### WORK INSTRUCTIONS
Starting at the line that contains "#59=CARTESIAN_POINT('',(1.94794534916222,0.,0.52349577879651));" and ending at the line that contains "#77=CARTESIAN_POINT('',(-2.,0.,0.261799376890845));", the lines below are to be given again exactly, with nothing added.

-=-=-=-=-

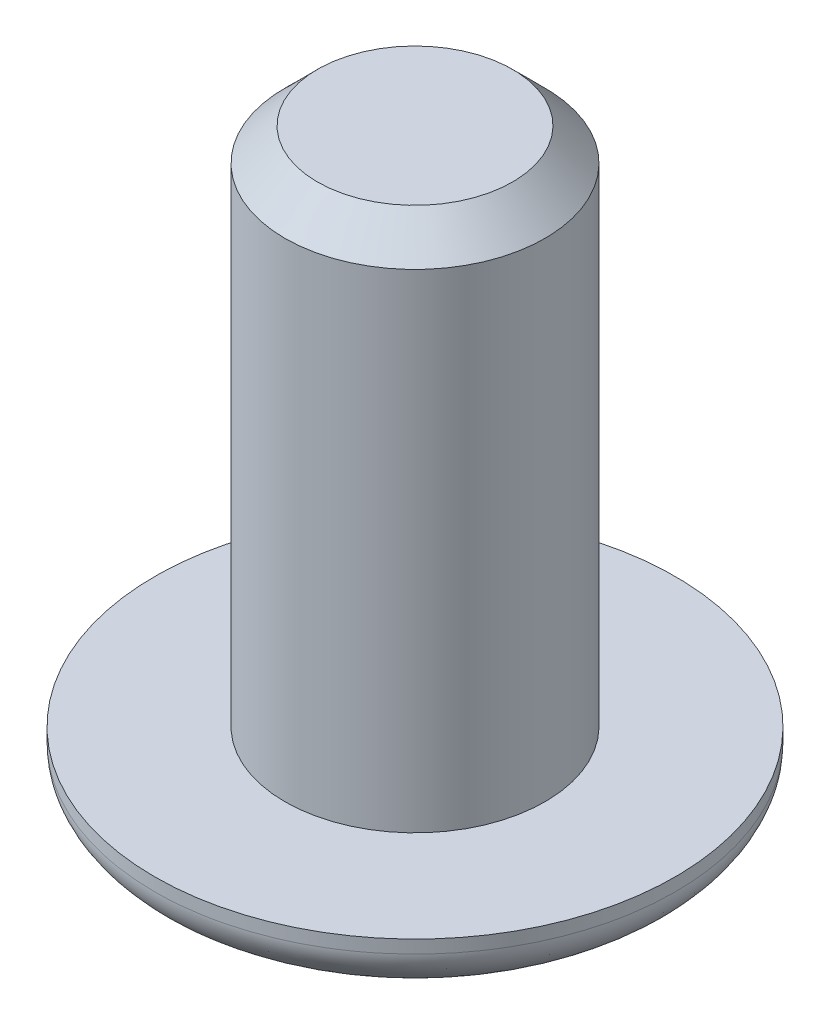
ISO-10303-21;
HEADER;
FILE_DESCRIPTION(('STEP AP214'),'2;1');
FILE_NAME('part.step','',(''),(''),'','','');
FILE_SCHEMA(('AUTOMOTIVE_DESIGN { 1 0 10303 214 1 1 1 1 }'));
ENDSEC;
DATA;
#1=APPLICATION_CONTEXT('core data for automotive mechanical design processes');
#2=APPLICATION_PROTOCOL_DEFINITION('international standard','automotive_design',2000,#1);
#3=PRODUCT_CONTEXT('',#1,'mechanical');
#4=PRODUCT('Part','Part','',(#3));
#5=PRODUCT_RELATED_PRODUCT_CATEGORY('part','',(#4));
#6=PRODUCT_DEFINITION_FORMATION('','',#4);
#7=PRODUCT_DEFINITION_CONTEXT('part definition',#1,'design');
#8=PRODUCT_DEFINITION('design','',#6,#7);
#9=PRODUCT_DEFINITION_SHAPE('','',#8);
#10=(LENGTH_UNIT() NAMED_UNIT(*) SI_UNIT(.MILLI.,.METRE.));
#11=(NAMED_UNIT(*) PLANE_ANGLE_UNIT() SI_UNIT($,.RADIAN.));
#12=(NAMED_UNIT(*) SI_UNIT($,.STERADIAN.) SOLID_ANGLE_UNIT());
#13=UNCERTAINTY_MEASURE_WITH_UNIT(LENGTH_MEASURE(1.E-05),#10,'distance_accuracy_value','');
#14=(GEOMETRIC_REPRESENTATION_CONTEXT(3) GLOBAL_UNCERTAINTY_ASSIGNED_CONTEXT((#13)) GLOBAL_UNIT_ASSIGNED_CONTEXT((#10,
#11,#12)) REPRESENTATION_CONTEXT('',''));
#15=CARTESIAN_POINT('',(0.,0.,0.));
#16=DIRECTION('',(0.,0.,1.));
#17=DIRECTION('',(1.,0.,0.));
#18=AXIS2_PLACEMENT_3D('',#15,#16,#17);
#19=CARTESIAN_POINT('',(0.,1.2,0.));
#20=DIRECTION('',(0.,1.,0.));
#21=DIRECTION('',(0.,0.,1.));
#22=AXIS2_PLACEMENT_3D('',#19,#20,#21);
#23=PLANE('',#22);
#24=CARTESIAN_POINT('',(0.,1.2,0.));
#25=DIRECTION('',(0.,1.,0.));
#26=DIRECTION('',(0.,0.,1.));
#27=AXIS2_PLACEMENT_3D('',#24,#25,#26);
#28=CIRCLE('',#27,2.);
#29=CARTESIAN_POINT('',(0.,1.2,2.));
#30=VERTEX_POINT('',#29);
#31=EDGE_CURVE('E314',#30,#30,#28,.T.);
#32=ORIENTED_EDGE('',*,*,#31,.F.);
#33=EDGE_LOOP('',(#32));
#34=FACE_BOUND('',#33,.T.);
#35=CARTESIAN_POINT('',(0.,1.2,0.));
#36=DIRECTION('',(0.,1.,0.));
#37=DIRECTION('',(0.,0.,1.));
#38=AXIS2_PLACEMENT_3D('',#35,#36,#37);
#39=CIRCLE('',#38,4.);
#40=CARTESIAN_POINT('',(0.,1.2,4.));
#41=VERTEX_POINT('',#40);
#42=EDGE_CURVE('E150',#41,#41,#39,.T.);
#43=ORIENTED_EDGE('',*,*,#42,.T.);
#44=EDGE_LOOP('',(#43));
#45=FACE_BOUND('',#44,.T.);
#46=ADVANCED_FACE('F44',(#34,#45),#23,.T.);
#47=CARTESIAN_POINT('',(0.,0.,0.));
#48=DIRECTION('',(0.,1.,0.));
#49=DIRECTION('',(0.,0.,1.));
#50=AXIS2_PLACEMENT_3D('',#47,#48,#49);
#51=PLANE('',#50);
#52=CARTESIAN_POINT('',(0.,0.,2.));
#53=CARTESIAN_POINT('',(0.261799376890833,0.,2.));
#54=CARTESIAN_POINT('',(0.523495778796538,0.,1.94794534916224));
#55=CARTESIAN_POINT('',(1.00723795066382,0.,1.74757278088291));
#56=CARTESIAN_POINT('',(1.22909344766315,0.,1.59933367708304));
#57=CARTESIAN_POINT('',(1.59933367708304,0.,1.22909344766315));
#58=CARTESIAN_POINT('',(1.74757278088293,0.,1.00723795066385));
#59=CARTESIAN_POINT('',(1.94794534916222,0.,0.52349577879651));
#60=CARTESIAN_POINT('',(2.,0.,0.261799376890842));
#61=CARTESIAN_POINT('',(2.,0.,-0.261799376890842));
#62=CARTESIAN_POINT('',(1.94794534916225,0.,-0.52349577879654));
#63=CARTESIAN_POINT('',(1.7475727808829,0.,-1.00723795066382));
#64=CARTESIAN_POINT('',(1.59933367708301,0.,-1.22909344766318));
#65=CARTESIAN_POINT('',(1.22909344766318,0.,-1.59933367708301));
#66=CARTESIAN_POINT('',(1.00723795066384,0.,-1.74757278088294));
#67=CARTESIAN_POINT('',(0.523495778796522,0.,-1.9479453491622));
#68=CARTESIAN_POINT('',(0.261799376890842,0.,-2.));
#69=CARTESIAN_POINT('',(-0.261799376890842,0.,-2.));
#70=CARTESIAN_POINT('',(-0.523495778796517,0.,-1.94794534916223));
#71=CARTESIAN_POINT('',(-1.00723795066384,0.,-1.74757278088292));
#72=CARTESIAN_POINT('',(-1.22909344766315,0.,-1.59933367708304));
#73=CARTESIAN_POINT('',(-1.59933367708304,0.,-1.22909344766315));
#74=CARTESIAN_POINT('',(-1.74757278088294,0.,-1.00723795066386));
#75=CARTESIAN_POINT('',(-1.94794534916221,0.,-0.523495778796506));
#76=CARTESIAN_POINT('',(-2.,0.,-0.261799376890839));
#77=CARTESIAN_POINT('',(-2.,0.,0.261799376890845));
#78=CARTESIAN_POINT('',(-1.94794534916221,0.,0.523495778796514));
#79=CARTESIAN_POINT('',(-1.74757278088294,0.,1.00723795066384));
#80=CARTESIAN_POINT('',(-1.59933367708301,0.,1.22909344766318));
#81=CARTESIAN_POINT('',(-1.22909344766319,0.,1.599333677083));
#82=CARTESIAN_POINT('',(-1.00723795066384,0.,1.74757278088294));
#83=CARTESIAN_POINT('',(-0.52349577879652,0.,1.94794534916221));
#84=CARTESIAN_POINT('',(-0.261799376890834,0.,2.));
#85=CARTESIAN_POINT('',(0.,0.,2.));
#86=(BOUNDED_CURVE() B_SPLINE_CURVE(3,(#52,#53,#54,#55,#56,#57,#58,#59,#60,#61,#62,#63,#64,#65,
#66,#67,#68,#69,#70,#71,#72,#73,#74,#75,#76,#77,#78,#79,#80,#81,#82,#83,#84,#85),.UNSPECIFIED.,
.T.,.F.) B_SPLINE_CURVE_WITH_KNOTS((4,2,2,2,2,2,2,2,2,2,2,2,2,2,2,2,4),(0.,0.392699081698724,
0.785398163397448,1.17809724509617,1.5707963267949,1.96349540849362,2.35619449019234,
2.74889357189107,3.14159265358979,3.53429173528852,3.92699081698724,4.31968989868597,
4.71238898038469,5.10508806208341,5.49778714378214,5.89048622548086,6.28318530717959),
.UNSPECIFIED.) CURVE() GEOMETRIC_REPRESENTATION_ITEM() RATIONAL_B_SPLINE_CURVE((1.,1.,1.,1.,1.,
1.,1.,1.,1.,1.,1.,1.,1.,1.,1.,1.,1.,1.,1.,1.,1.,1.,1.,1.,1.,1.,1.,1.,1.,1.,1.,1.,1.,1.)) REPRESENTATION_ITEM(''));
#87=CARTESIAN_POINT('',(0.,0.,2.));
#88=VERTEX_POINT('',#87);
#89=EDGE_CURVE('E12',#88,#88,#86,.F.);
#90=ORIENTED_EDGE('',*,*,#89,.T.);
#91=EDGE_LOOP('',(#90));
#92=FACE_BOUND('',#91,.T.);
#93=DIRECTION('',(0.5,0.,-0.866025403784439));
#94=VECTOR('',#93,1.);
#95=CARTESIAN_POINT('',(0.721687836487031,0.,1.25));
#96=LINE('',#95,#94);
#97=CARTESIAN_POINT('',(0.721687836487031,0.,1.25));
#98=VERTEX_POINT('',#97);
#99=CARTESIAN_POINT('',(1.44337567297406,0.,0.));
#100=VERTEX_POINT('',#99);
#101=EDGE_CURVE('E66',#98,#100,#96,.T.);
#102=ORIENTED_EDGE('',*,*,#101,.T.);
#103=DIRECTION('',(-0.5,0.,-0.866025403784439));
#104=VECTOR('',#103,1.);
#105=CARTESIAN_POINT('',(1.44337567297406,0.,0.));
#106=LINE('',#105,#104);
#107=CARTESIAN_POINT('',(0.721687836487031,0.,-1.25));
#108=VERTEX_POINT('',#107);
#109=EDGE_CURVE('E130',#100,#108,#106,.T.);
#110=ORIENTED_EDGE('',*,*,#109,.T.);
#111=DIRECTION('',(-1.,0.,0.));
#112=VECTOR('',#111,1.);
#113=CARTESIAN_POINT('',(0.721687836487031,0.,-1.25));
#114=LINE('',#113,#112);
#115=CARTESIAN_POINT('',(-0.721687836487033,0.,-1.25));
#116=VERTEX_POINT('',#115);
#117=EDGE_CURVE('E126',#108,#116,#114,.T.);
#118=ORIENTED_EDGE('',*,*,#117,.T.);
#119=DIRECTION('',(-0.5,0.,0.866025403784439));
#120=VECTOR('',#119,1.);
#121=CARTESIAN_POINT('',(-0.721687836487033,0.,-1.25));
#122=LINE('',#121,#120);
#123=CARTESIAN_POINT('',(-1.44337567297407,0.,0.));
#124=VERTEX_POINT('',#123);
#125=EDGE_CURVE('E102',#116,#124,#122,.T.);
#126=ORIENTED_EDGE('',*,*,#125,.T.);
#127=DIRECTION('',(0.5,0.,0.866025403784439));
#128=VECTOR('',#127,1.);
#129=CARTESIAN_POINT('',(-1.44337567297407,0.,0.));
#130=LINE('',#129,#128);
#131=CARTESIAN_POINT('',(-0.721687836487033,0.,1.25));
#132=VERTEX_POINT('',#131);
#133=EDGE_CURVE('E114',#124,#132,#130,.T.);
#134=ORIENTED_EDGE('',*,*,#133,.T.);
#135=DIRECTION('',(1.,0.,0.));
#136=VECTOR('',#135,1.);
#137=CARTESIAN_POINT('',(-0.721687836487033,0.,1.25));
#138=LINE('',#137,#136);
#139=EDGE_CURVE('E121',#132,#98,#138,.T.);
#140=ORIENTED_EDGE('',*,*,#139,.T.);
#141=EDGE_LOOP('',(#102,#110,#118,#126,#134,#140));
#142=FACE_BOUND('',#141,.T.);
#143=ADVANCED_FACE('F123',(#92,#142),#51,.F.);
#144=CARTESIAN_POINT('',(0.,1.2,0.));
#145=DIRECTION('',(0.,-1.,0.));
#146=DIRECTION('',(0.,0.,-1.));
#147=AXIS2_PLACEMENT_3D('',#144,#145,#146);
#148=CYLINDRICAL_SURFACE('',#147,4.);
#149=CARTESIAN_POINT('',(0.,1.,4.));
#150=CARTESIAN_POINT('',(-0.523598753781667,1.,4.));
#151=CARTESIAN_POINT('',(-1.04699155759304,1.,3.89589069832441));
#152=CARTESIAN_POINT('',(-2.01447590132769,1.,3.49514556176588));
#153=CARTESIAN_POINT('',(-2.45818689532638,1.,3.198667354166));
#154=CARTESIAN_POINT('',(-3.19866735416602,1.,2.45818689532636));
#155=CARTESIAN_POINT('',(-3.49514556176589,1.,2.01447590132768));
#156=CARTESIAN_POINT('',(-3.89589069832441,1.,1.04699155759303));
#157=CARTESIAN_POINT('',(-4.,1.,0.523598753781691));
#158=CARTESIAN_POINT('',(-4.,1.,-0.523598753781678));
#159=CARTESIAN_POINT('',(-3.89589069832442,1.,-1.04699155759301));
#160=CARTESIAN_POINT('',(-3.49514556176587,1.,-2.01447590132771));
#161=CARTESIAN_POINT('',(-3.19866735416608,1.,-2.4581868953263));
#162=CARTESIAN_POINT('',(-2.4581868953263,1.,-3.19866735416608));
#163=CARTESIAN_POINT('',(-2.01447590132769,1.,-3.49514556176588));
#164=CARTESIAN_POINT('',(-1.04699155759301,1.,-3.89589069832442));
#165=CARTESIAN_POINT('',(-0.523598753781683,1.,-4.));
#166=CARTESIAN_POINT('',(0.523598753781684,1.,-4.));
#167=CARTESIAN_POINT('',(1.04699155759304,1.,-3.89589069832441));
#168=CARTESIAN_POINT('',(2.01447590132768,1.,-3.49514556176588));
#169=CARTESIAN_POINT('',(2.45818689532636,1.,-3.19866735416603));
#170=CARTESIAN_POINT('',(3.19866735416602,1.,-2.45818689532636));
#171=CARTESIAN_POINT('',(3.49514556176589,1.,-2.01447590132768));
#172=CARTESIAN_POINT('',(3.89589069832441,1.,-1.04699155759304));
#173=CARTESIAN_POINT('',(4.,1.,-0.523598753781683));
#174=CARTESIAN_POINT('',(4.,1.,0.523598753781684));
#175=CARTESIAN_POINT('',(3.89589069832442,1.,1.04699155759301));
#176=CARTESIAN_POINT('',(3.49514556176588,1.,2.0144759013277));
#177=CARTESIAN_POINT('',(3.19866735416607,1.,2.45818689532631));
#178=CARTESIAN_POINT('',(2.45818689532631,1.,3.19866735416607));
#179=CARTESIAN_POINT('',(2.01447590132769,1.,3.49514556176588));
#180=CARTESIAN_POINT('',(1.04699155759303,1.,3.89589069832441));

-=-=-=-=-

### TASK SOLUTION
#59=CARTESIAN_POINT('',(1.94794534916222,0.,0.52349577879651));
#60=CARTESIAN_POINT('',(2.,0.,0.261799376890842));
#61=CARTESIAN_POINT('',(2.,0.,-0.261799376890842));
#62=CARTESIAN_POINT('',(1.94794534916225,0.,-0.52349577879654));
#63=CARTESIAN_POINT('',(1.7475727808829,0.,-1.00723795066382));
#64=CARTESIAN_POINT('',(1.59933367708301,0.,-1.22909344766318));
#65=CARTESIAN_POINT('',(1.22909344766318,0.,-1.59933367708301));
#66=CARTESIAN_POINT('',(1.00723795066384,0.,-1.74757278088294));
#67=CARTESIAN_POINT('',(0.523495778796522,0.,-1.9479453491622));
#68=CARTESIAN_POINT('',(0.261799376890842,0.,-2.));
#69=CARTESIAN_POINT('',(-0.261799376890842,0.,-2.));
#70=CARTESIAN_POINT('',(-0.523495778796517,0.,-1.94794534916223));
#71=CARTESIAN_POINT('',(-1.00723795066384,0.,-1.74757278088292));
#72=CARTESIAN_POINT('',(-1.22909344766315,0.,-1.59933367708304));
#73=CARTESIAN_POINT('',(-1.59933367708304,0.,-1.22909344766315));
#74=CARTESIAN_POINT('',(-1.74757278088294,0.,-1.00723795066386));
#75=CARTESIAN_POINT('',(-1.94794534916221,0.,-0.523495778796506));
#76=CARTESIAN_POINT('',(-2.,0.,-0.261799376890839));
#77=CARTESIAN_POINT('',(-2.,0.,0.261799376890845));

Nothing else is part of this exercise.